- [WHAT THIS TASK INVOLVES]: From first line to last, copy the listing exactly and omit its pictures.
--- START ---
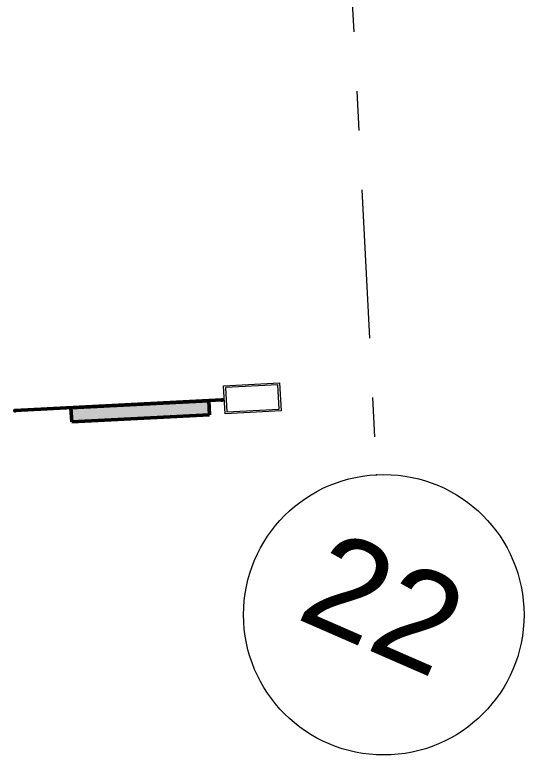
# Model space of a CAD drawing. Header units: millimetres. Extents: x -50172 to 74273, y -80883 to 11206.
# Drawn here: x -45472 to -43631, y -65911 to -63247 of the extents above; entities that cross this region are included whole.
import ezdxf
from ezdxf.enums import TextEntityAlignment as Align

# ---------------------------------------------------------------- set-up
doc = ezdxf.new("R2010")
doc.units = ezdxf.units.MM
doc.header["$MEASUREMENT"] = 0
doc.linetypes.add('Double Dashed', pattern=[1093.611073, 529.166651, -211.666656, 141.111112, -211.666656])
for name, color, linetype in [('COLUMN.IFC Import', 7, 'Continuous'), ('New_A-15-MG_Structural_Grid_Phase_2', 7, 'Continuous'), ('New_A-25-M_Curtain_Wall', 7, 'Continuous')]:
    doc.layers.add(name, color=color, linetype=linetype)
doc.layers.add('COLUMN.IFC Import_Pen_No__2', color=8, linetype='Continuous', lineweight=15)
for name, color, linetype, lineweight, true_color in [('New_A-15-MG_Structural_Grid_Phase_2_Pen_No__222', 7, 'Continuous', 13, 0x65af33), ('New_A-25-M_Curtain_Wall_Pen_No__144', 7, 'Continuous', 0, 0xc8c8c8), ('New_A-25-M_Curtain_Wall_Pen_No__27', 7, 'Continuous', 50, 0x2a2a2a)]:
    doc.layers.add(name, color=color, linetype=linetype, lineweight=lineweight, true_color=true_color)
doc.styles.add('GENERATED_STYLE_4', font='')
doc.styles.get('GENERATED_STYLE_4').set_extended_font_data('Swis721 BT')

# ---------------------------------------------------------------- blocks, each defined once
blk = doc.blocks.new('Curtain Wall_10_1')
at = {"layer": 'New_A-25-M_Curtain_Wall_Pen_No__144', "linetype": 'Continuous'}
blk.add_hatch(color=256, dxfattribs=at).paths.add_polyline_path([(-45269.5, -64697.4), (-44778.2, -64672.1), (-44780.7, -64622.2), (-45272.1, -64647.5)])
at = {"layer": 'New_A-25-M_Curtain_Wall_Pen_No__27', "linetype": 'Continuous'}
for p, q in [((-45471.8, -64657.8), (-44733.8, -64619.7)), ((-44733.8, -64619.7), (-45471.8, -64657.8)), ((-44780.7, -64622.2), (-45272.1, -64647.5)), ((-44778.2, -64672.1), (-44780.7, -64622.2)), ((-45272.1, -64647.5), (-45269.5, -64697.4)), ((-45269.5, -64697.4), (-44778.2, -64672.1))]:
    blk.add_line(p, q, dxfattribs=at)
for p in [(-44733.8, -64619.7), (-45471.8, -64657.8)]:
    blk.add_point(p, dxfattribs=at)
blk = doc.blocks.new('Standard grid marker_27')
at = {"layer": 'New_A-15-MG_Structural_Grid_Phase_2_Pen_No__222', "linetype": 'Double Dashed'}
for p, q in [((0, 0), (5391, 0)), ((0, 0), (0, 0)), ((5391, 0), (5391, 0))]:
    blk.add_line(p, q, dxfattribs=at)
at = {"layer": 'New_A-15-MG_Structural_Grid_Phase_2_Pen_No__222', "linetype": 'Continuous'}
blk.add_circle((5891, 0), 500, dxfattribs=at)
at = {"layer": 'New_A-15-MG_Structural_Grid_Phase_2_Pen_No__222', "linetype": 'Double Dashed'}
blk.add_point((5391, 0), dxfattribs=at)
blk.add_point((5391, 0), dxfattribs=at)
at = {"layer": 'New_A-15-MG_Structural_Grid_Phase_2_Pen_No__222', "style": 'GENERATED_STYLE_4'}
blk.add_attdef('AC_MarkerText_1', text='', height=350, rotation=63.4875, dxfattribs=at).set_placement((5891, 41.2), align=Align.MIDDLE_CENTER)
blk = doc.blocks.new('Column 178')
at = {"layer": 'COLUMN.IFC Import_Pen_No__2', "linetype": 'Continuous'}
for p, q in [((-50, 100), (50, 100)), ((-50, -100), (-50, 100)), ((-43.7, 93.7), (-43.7, -93.7)), ((43.7, 93.7), (-43.7, 93.7)), ((43.7, -93.7), (43.7, 93.7)), ((50, 100), (50, -100)), ((50, -100), (-50, -100)), ((-43.7, -93.7), (43.7, -93.7))]:
    blk.add_line(p, q, dxfattribs=at)

msp = doc.modelspace()

# ---------------------------------------------------------------- block references
at = {"layer": 'COLUMN.IFC Import', "linetype": 'Continuous', "zscale": 1000, "rotation": 272.9533189530552}
msp.add_blockref('Column 178', (-44625.2, -64613.7), dxfattribs=at)
at = {"layer": 'New_A-15-MG_Structural_Grid_Phase_2', "color": 8, "linetype": 'Continuous', "lineweight": 15}
ref = msp.add_blockref('Standard grid marker_27', (-44460.1, -59502.2), dxfattribs=dict(at, zscale=1000, rotation=272.9529222214646))
ref.add_attrib('AC_MarkerText_1', '22', dxfattribs={"layer": 'New_A-15-MG_Structural_Grid_Phase_2_Pen_No__222', "color": 85, "true_color": 0x65af33, "height": 350, "rotation": 336.4404, "style": 'GENERATED_STYLE_4'}).set_placement((-44156.6, -65344.3), align=Align.MIDDLE_CENTER)
at = {"layer": 'New_A-25-M_Curtain_Wall', "linetype": 'Continuous', "lineweight": 0}
msp.add_blockref('Curtain Wall_10_1', (0, 0), dxfattribs=at)

doc.saveas('drawing.dxf')
--- END ---
- [THE ANSWER]:
# Model space of a CAD drawing. Header units: millimetres. Extents: x -50172 to 74273, y -80883 to 11206.
# Drawn here: x -45472 to -43631, y -65911 to -63247 of the extents above; entities that cross this region are included whole.
import ezdxf
from ezdxf.enums import TextEntityAlignment as Align

# ---------------------------------------------------------------- set-up
doc = ezdxf.new("R2010")
doc.units = ezdxf.units.MM
doc.header["$MEASUREMENT"] = 0
doc.linetypes.add('Double Dashed', pattern=[1093.611073, 529.166651, -211.666656, 141.111112, -211.666656])
for name, color, linetype in [('COLUMN.IFC Import', 7, 'Continuous'), ('New_A-15-MG_Structural_Grid_Phase_2', 7, 'Continuous'), ('New_A-25-M_Curtain_Wall', 7, 'Continuous')]:
    doc.layers.add(name, color=color, linetype=linetype)
doc.layers.add('COLUMN.IFC Import_Pen_No__2', color=8, linetype='Continuous', lineweight=15)
for name, color, linetype, lineweight, true_color in [('New_A-15-MG_Structural_Grid_Phase_2_Pen_No__222', 7, 'Continuous', 13, 0x65af33), ('New_A-25-M_Curtain_Wall_Pen_No__144', 7, 'Continuous', 0, 0xc8c8c8), ('New_A-25-M_Curtain_Wall_Pen_No__27', 7, 'Continuous', 50, 0x2a2a2a)]:
    doc.layers.add(name, color=color, linetype=linetype, lineweight=lineweight, true_color=true_color)
doc.styles.add('GENERATED_STYLE_4', font='')
doc.styles.get('GENERATED_STYLE_4').set_extended_font_data('Swis721 BT')

# ---------------------------------------------------------------- blocks, each defined once
blk = doc.blocks.new('Curtain Wall_10_1')
at = {"layer": 'New_A-25-M_Curtain_Wall_Pen_No__144', "linetype": 'Continuous'}
blk.add_hatch(color=256, dxfattribs=at).paths.add_polyline_path([(-45269.5, -64697.4), (-44778.2, -64672.1), (-44780.7, -64622.2), (-45272.1, -64647.5)])
at = {"layer": 'New_A-25-M_Curtain_Wall_Pen_No__27', "linetype": 'Continuous'}
for p, q in [((-45471.8, -64657.8), (-44733.8, -64619.7)), ((-44733.8, -64619.7), (-45471.8, -64657.8)), ((-44780.7, -64622.2), (-45272.1, -64647.5)), ((-44778.2, -64672.1), (-44780.7, -64622.2)), ((-45272.1, -64647.5), (-45269.5, -64697.4)), ((-45269.5, -64697.4), (-44778.2, -64672.1))]:
    blk.add_line(p, q, dxfattribs=at)
for p in [(-44733.8, -64619.7), (-45471.8, -64657.8)]:
    blk.add_point(p, dxfattribs=at)
blk = doc.blocks.new('Standard grid marker_27')
at = {"layer": 'New_A-15-MG_Structural_Grid_Phase_2_Pen_No__222', "linetype": 'Double Dashed'}
for p, q in [((0, 0), (5391, 0)), ((0, 0), (0, 0)), ((5391, 0), (5391, 0))]:
    blk.add_line(p, q, dxfattribs=at)
at = {"layer": 'New_A-15-MG_Structural_Grid_Phase_2_Pen_No__222', "linetype": 'Continuous'}
blk.add_circle((5891, 0), 500, dxfattribs=at)
at = {"layer": 'New_A-15-MG_Structural_Grid_Phase_2_Pen_No__222', "linetype": 'Double Dashed'}
blk.add_point((5391, 0), dxfattribs=at)
blk.add_point((5391, 0), dxfattribs=at)
at = {"layer": 'New_A-15-MG_Structural_Grid_Phase_2_Pen_No__222', "style": 'GENERATED_STYLE_4'}
blk.add_attdef('AC_MarkerText_1', text='', height=350, rotation=63.4875, dxfattribs=at).set_placement((5891, 41.2), align=Align.MIDDLE_CENTER)
blk = doc.blocks.new('Column 178')
at = {"layer": 'COLUMN.IFC Import_Pen_No__2', "linetype": 'Continuous'}
for p, q in [((-50, 100), (50, 100)), ((-50, -100), (-50, 100)), ((-43.7, 93.7), (-43.7, -93.7)), ((43.7, 93.7), (-43.7, 93.7)), ((43.7, -93.7), (43.7, 93.7)), ((50, 100), (50, -100)), ((50, -100), (-50, -100)), ((-43.7, -93.7), (43.7, -93.7))]:
    blk.add_line(p, q, dxfattribs=at)

msp = doc.modelspace()

# ---------------------------------------------------------------- block references
at = {"layer": 'COLUMN.IFC Import', "linetype": 'Continuous', "zscale": 1000, "rotation": 272.9533189530552}
msp.add_blockref('Column 178', (-44625.2, -64613.7), dxfattribs=at)
at = {"layer": 'New_A-15-MG_Structural_Grid_Phase_2', "color": 8, "linetype": 'Continuous', "lineweight": 15}
ref = msp.add_blockref('Standard grid marker_27', (-44460.1, -59502.2), dxfattribs=dict(at, zscale=1000, rotation=272.9529222214646))
ref.add_attrib('AC_MarkerText_1', '22', dxfattribs={"layer": 'New_A-15-MG_Structural_Grid_Phase_2_Pen_No__222', "color": 85, "true_color": 0x65af33, "height": 350, "rotation": 336.4404, "style": 'GENERATED_STYLE_4'}).set_placement((-44156.6, -65344.3), align=Align.MIDDLE_CENTER)
at = {"layer": 'New_A-25-M_Curtain_Wall', "linetype": 'Continuous', "lineweight": 0}
msp.add_blockref('Curtain Wall_10_1', (0, 0), dxfattribs=at)

doc.saveas('drawing.dxf')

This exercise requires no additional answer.